Tudo começa com um livro, intitulado, precisamente, O Fim do Sr. Y. Manto, que é uma personagem curiosa, polifacetada e até certo ponto contraditória (o que é um dos motivos de interesse do livro), é uma doutoranda e o objeto do seu doutoramento é um obscuro autor oitocentista, um tal Lumas, que terá escrito, entre outras obras, O Fim do Sr. Y, um livro maldito e dificílimo de encontrar porque (quase?) todos os seus exemplares foram destruídos. Segundo a lenda, quem ler este livro até ao fim desaparece sem deixar rasto... o que terá acontecido ao próprio Lumas, aliás.
E o que também aconteceu a Burlem, o orientador de doutoramento da protagonista, ele próprio estudioso de Lumas.
Previsivelmente, Manto encontra um exemplar do livro e, também previsivelmente, isso vai trazer-lhe problemas sérios. Mas a previsibilidade termina aí. O tipo de sarilhos em que ela se mete é inesperado, e toda a sequência da história a partir desse ponto também o é.
Este livro pode ser visto como ficção filosófica. São inúmeras as menções a filósofos pós-estruturalistas, em especial Derrida, Baudrillard e Heidegger, e as ideias que Thomas utiliza na conceção do seu universo ficcional parecem ter tudo a ver com o trabalho desses filósofos. Não sou competente para avaliar quão fielmente — a filosofia formal está longe de ser o meu forte.
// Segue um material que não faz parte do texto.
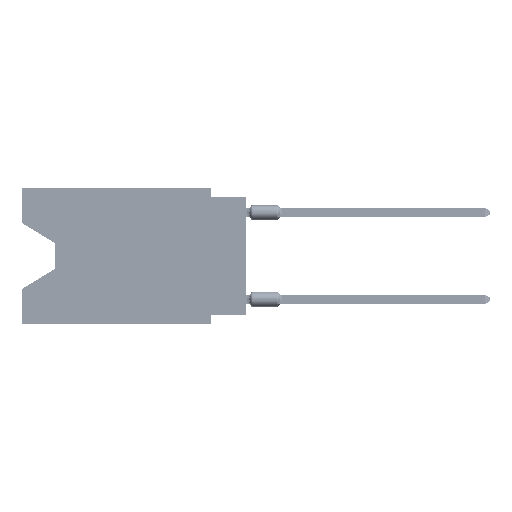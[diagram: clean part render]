
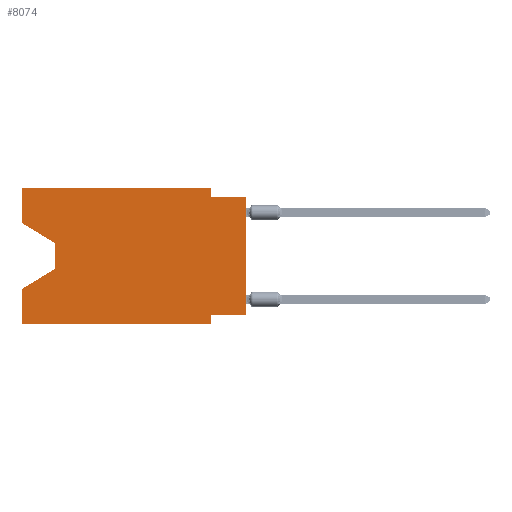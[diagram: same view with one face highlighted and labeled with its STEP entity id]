
A CAD part, left-side view. The second image highlights one B-rep face of the part: STEP entity #8074.
In plain terms, the highlighted planar face has unit normal (-1, 0, 0).
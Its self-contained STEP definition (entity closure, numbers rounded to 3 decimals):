
#1159 = LINE ( 'NONE', #34626, #59074 ) ;
#1394 = CARTESIAN_POINT ( 'NONE',  ( 0., 2.54, -9.906 ) ) ;
#1523 = FACE_OUTER_BOUND ( 'NONE', #3938, .T. ) ;
#2123 = CARTESIAN_POINT ( 'NONE',  ( 0., 2.54, 0. ) ) ;
#2851 = VECTOR ( 'NONE', #4424, 1000. ) ;
#2863 = ORIENTED_EDGE ( 'NONE', *, *, #10819, .F. ) ;
#2867 = CARTESIAN_POINT ( 'NONE',  ( 0., 16.383, 0. ) ) ;
#3063 = ORIENTED_EDGE ( 'NONE', *, *, #20691, .T. ) ;
#3105 = VERTEX_POINT ( 'NONE', #59620 ) ;
#3376 = CARTESIAN_POINT ( 'NONE',  ( 0., 16.383, -2.546 ) ) ;
#3691 = CARTESIAN_POINT ( 'NONE',  ( 0., 0., -0.635 ) ) ;
#3742 = CARTESIAN_POINT ( 'NONE',  ( 0., 13.97, -4.013 ) ) ;
#3938 = EDGE_LOOP ( 'NONE', ( #64744, #59854, #3063, #28875, #27565, #47178, #2863, #46202, #27620, #20472, #58331, #59288 ) ) ;
#4167 = EDGE_CURVE ( 'NONE', #35852, #37192, #52147, .T. ) ;
#4424 = DIRECTION ( 'NONE',  ( 0., -1., 0. ) ) ;
#5179 = LINE ( 'NONE', #43645, #64525 ) ;
#6237 = EDGE_CURVE ( 'NONE', #68892, #48642, #5179, .T. ) ;
#6455 = VECTOR ( 'NONE', #59240, 1000. ) ;
#6473 = VECTOR ( 'NONE', #36753, 1000. ) ;
#6876 = VERTEX_POINT ( 'NONE', #34892 ) ;
#7638 = CARTESIAN_POINT ( 'NONE',  ( 0., 2.54, -0.635 ) ) ;
#8074 = ADVANCED_FACE ( 'NONE', ( #1523 ), #23254, .F. ) ;
#8159 = EDGE_CURVE ( 'NONE', #39232, #6876, #31767, .T. ) ;
#8927 = CARTESIAN_POINT ( 'NONE',  ( 0., 16.383, -2.546 ) ) ;
#10819 = EDGE_CURVE ( 'NONE', #48529, #58875, #1159, .T. ) ;
#11024 = DIRECTION ( 'NONE',  ( 0., 0., -1. ) ) ;
#13255 = AXIS2_PLACEMENT_3D ( 'NONE', #44977, #29632, #66717 ) ;
#16393 = LINE ( 'NONE', #37093, #42469 ) ;
#16508 = EDGE_CURVE ( 'NONE', #26429, #39232, #46474, .T. ) ;
#16798 = LINE ( 'NONE', #22510, #6455 ) ;
#17930 = VECTOR ( 'NONE', #49221, 1000. ) ;
#20472 = ORIENTED_EDGE ( 'NONE', *, *, #20558, .F. ) ;
#20558 = EDGE_CURVE ( 'NONE', #48642, #49145, #25743, .T. ) ;
#20691 = EDGE_CURVE ( 'NONE', #6876, #3105, #49572, .T. ) ;
#20945 = VECTOR ( 'NONE', #59233, 1000. ) ;
#21339 = CARTESIAN_POINT ( 'NONE',  ( 0., 2.54, -9.906 ) ) ;
#22331 = EDGE_CURVE ( 'NONE', #58875, #37192, #27771, .T. ) ;
#22510 = CARTESIAN_POINT ( 'NONE',  ( 0., 0., 0. ) ) ;
#23254 = PLANE ( 'NONE',  #13255 ) ;
#24906 = EDGE_CURVE ( 'NONE', #49145, #31231, #32847, .T. ) ;
#25096 = DIRECTION ( 'NONE',  ( 0., -0.855, -0.519 ) ) ;
#25743 = LINE ( 'NONE', #37484, #20945 ) ;
#26429 = VERTEX_POINT ( 'NONE', #8927 ) ;
#27565 = ORIENTED_EDGE ( 'NONE', *, *, #4167, .T. ) ;
#27591 = LINE ( 'NONE', #2867, #42020 ) ;
#27620 = ORIENTED_EDGE ( 'NONE', *, *, #24906, .F. ) ;
#27771 = LINE ( 'NONE', #1394, #33677 ) ;
#28192 = CARTESIAN_POINT ( 'NONE',  ( 0., 13.97, -5.893 ) ) ;
#28291 = DIRECTION ( 'NONE',  ( 0., 0., 1. ) ) ;
#28408 = EDGE_CURVE ( 'NONE', #48529, #31231, #16798, .T. ) ;
#28875 = ORIENTED_EDGE ( 'NONE', *, *, #63798, .F. ) ;
#29632 = DIRECTION ( 'NONE',  ( 1., 0., 0. ) ) ;
#31231 = VERTEX_POINT ( 'NONE', #3691 ) ;
#31767 = LINE ( 'NONE', #36044, #6473 ) ;
#32807 = DIRECTION ( 'NONE',  ( 0., 0., 1. ) ) ;
#32808 = CARTESIAN_POINT ( 'NONE',  ( 0., 0., -9.271 ) ) ;
#32847 = LINE ( 'NONE', #49569, #17930 ) ;
#33677 = VECTOR ( 'NONE', #11024, 1000. ) ;
#33929 = CARTESIAN_POINT ( 'NONE',  ( 0., 2.54, -9.271 ) ) ;
#34626 = CARTESIAN_POINT ( 'NONE',  ( 0., 0., -9.271 ) ) ;
#34892 = CARTESIAN_POINT ( 'NONE',  ( 0., 13.97, -5.893 ) ) ;
#35852 = VERTEX_POINT ( 'NONE', #37313 ) ;
#36044 = CARTESIAN_POINT ( 'NONE',  ( 0., 13.97, -4.013 ) ) ;
#36753 = DIRECTION ( 'NONE',  ( 0., 0., -1. ) ) ;
#37093 = CARTESIAN_POINT ( 'NONE',  ( 0., 16.383, 0. ) ) ;
#37192 = VERTEX_POINT ( 'NONE', #21339 ) ;
#37313 = CARTESIAN_POINT ( 'NONE',  ( 0., 16.383, -9.906 ) ) ;
#37484 = CARTESIAN_POINT ( 'NONE',  ( 0., 2.54, 0. ) ) ;
#38294 = DIRECTION ( 'NONE',  ( 0., -1., 0. ) ) ;
#39232 = VERTEX_POINT ( 'NONE', #3742 ) ;
#42020 = VECTOR ( 'NONE', #28291, 1000. ) ;
#42469 = VECTOR ( 'NONE', #32807, 1000. ) ;
#43645 = CARTESIAN_POINT ( 'NONE',  ( 0., 16.383, 0. ) ) ;
#44977 = CARTESIAN_POINT ( 'NONE',  ( 0., 16.383, 0. ) ) ;
#46202 = ORIENTED_EDGE ( 'NONE', *, *, #28408, .T. ) ;
#46474 = LINE ( 'NONE', #3376, #61564 ) ;
#47178 = ORIENTED_EDGE ( 'NONE', *, *, #22331, .F. ) ;
#48225 = CARTESIAN_POINT ( 'NONE',  ( 0., 16.383, -9.906 ) ) ;
#48529 = VERTEX_POINT ( 'NONE', #32808 ) ;
#48642 = VERTEX_POINT ( 'NONE', #2123 ) ;
#49145 = VERTEX_POINT ( 'NONE', #7638 ) ;
#49221 = DIRECTION ( 'NONE',  ( 0., -1., 0. ) ) ;
#49569 = CARTESIAN_POINT ( 'NONE',  ( 0., 0., -0.635 ) ) ;
#49572 = LINE ( 'NONE', #28192, #53993 ) ;
#50990 = DIRECTION ( 'NONE',  ( 0., 1., 0. ) ) ;
#52147 = LINE ( 'NONE', #48225, #2851 ) ;
#53993 = VECTOR ( 'NONE', #60976, 1000. ) ;
#58331 = ORIENTED_EDGE ( 'NONE', *, *, #6237, .F. ) ;
#58875 = VERTEX_POINT ( 'NONE', #33929 ) ;
#59074 = VECTOR ( 'NONE', #50990, 1000. ) ;
#59233 = DIRECTION ( 'NONE',  ( 0., 0., -1. ) ) ;
#59240 = DIRECTION ( 'NONE',  ( 0., 0., 1. ) ) ;
#59288 = ORIENTED_EDGE ( 'NONE', *, *, #59741, .F. ) ;
#59620 = CARTESIAN_POINT ( 'NONE',  ( 0., 16.383, -7.36 ) ) ;
#59741 = EDGE_CURVE ( 'NONE', #26429, #68892, #27591, .T. ) ;
#59854 = ORIENTED_EDGE ( 'NONE', *, *, #8159, .T. ) ;
#60976 = DIRECTION ( 'NONE',  ( 0., 0.855, -0.519 ) ) ;
#61564 = VECTOR ( 'NONE', #25096, 1000. ) ;
#63798 = EDGE_CURVE ( 'NONE', #35852, #3105, #16393, .T. ) ;
#64279 = CARTESIAN_POINT ( 'NONE',  ( 0., 16.383, 0. ) ) ;
#64525 = VECTOR ( 'NONE', #38294, 1000. ) ;
#64744 = ORIENTED_EDGE ( 'NONE', *, *, #16508, .T. ) ;
#66717 = DIRECTION ( 'NONE',  ( 0., 0., -1. ) ) ;
#68892 = VERTEX_POINT ( 'NONE', #64279 ) ;

Mas, em resumo, quando Manto lê o livro de Lumas e decide experimentar uma receita homeopática que vem nas suas páginas e que dá acesso, segundo o livro afirma, a uma tal "Troposfera" que interliga todas as criaturas vivas, penetra numa espécie de universo paralelo que vai desvendando aos poucos e que se vai assemelhando cada vez mais a algo saído dos manuais da filosofia pós-moderna. A realidade, acaba Manto por descobrir, não passa de uma construção consensual da consciência, humana e não só. Com tudo o que isso implica.
Trata-se, também, de um romance com forte ligação à ficção científica, o que só surpreenderá quem ignorar como a melhor FC tende a ser profundamente filosófica, ainda que seja raro sê-lo de uma forma tão óbvia como neste livro. Há referências claras à série Matrix, por exemplo, e há mais que algo de dickiano nas peripécias de Manto e na própria filosofia subjacente à história. Afinal, a noção de que a realidade não é algo de fiável, antes está sujeita às contingências da consciência humana, é tão central na obra de Dick como neste livro. Incluindo o seu pendor místico; parte da filosofia que Thomas aqui usa vai ter ramificações religiosas relevantes.
O livro é concetualmente complexo, e é nas conceções que reside o seu inderesse principal. Literatura de ideias mais que de personagens ou de enredo, ainda que este e a protagonista estejam também bem conseguidos. As personagens secundárias são, pelo contrário, algo bidimensionais, o que não chega a constituir defeito, antes é característica. Afinal, todas elas são olhadas desde o ponto de vista da protagonista — o romance é narrado na primeira pessoa — e isso não permite grande exploração das profundezas ocultas das suas personalidades. Só mostram ao leitor o que a protagonista consegue ver, e assim é que deve ser numa narrativa construída desta forma.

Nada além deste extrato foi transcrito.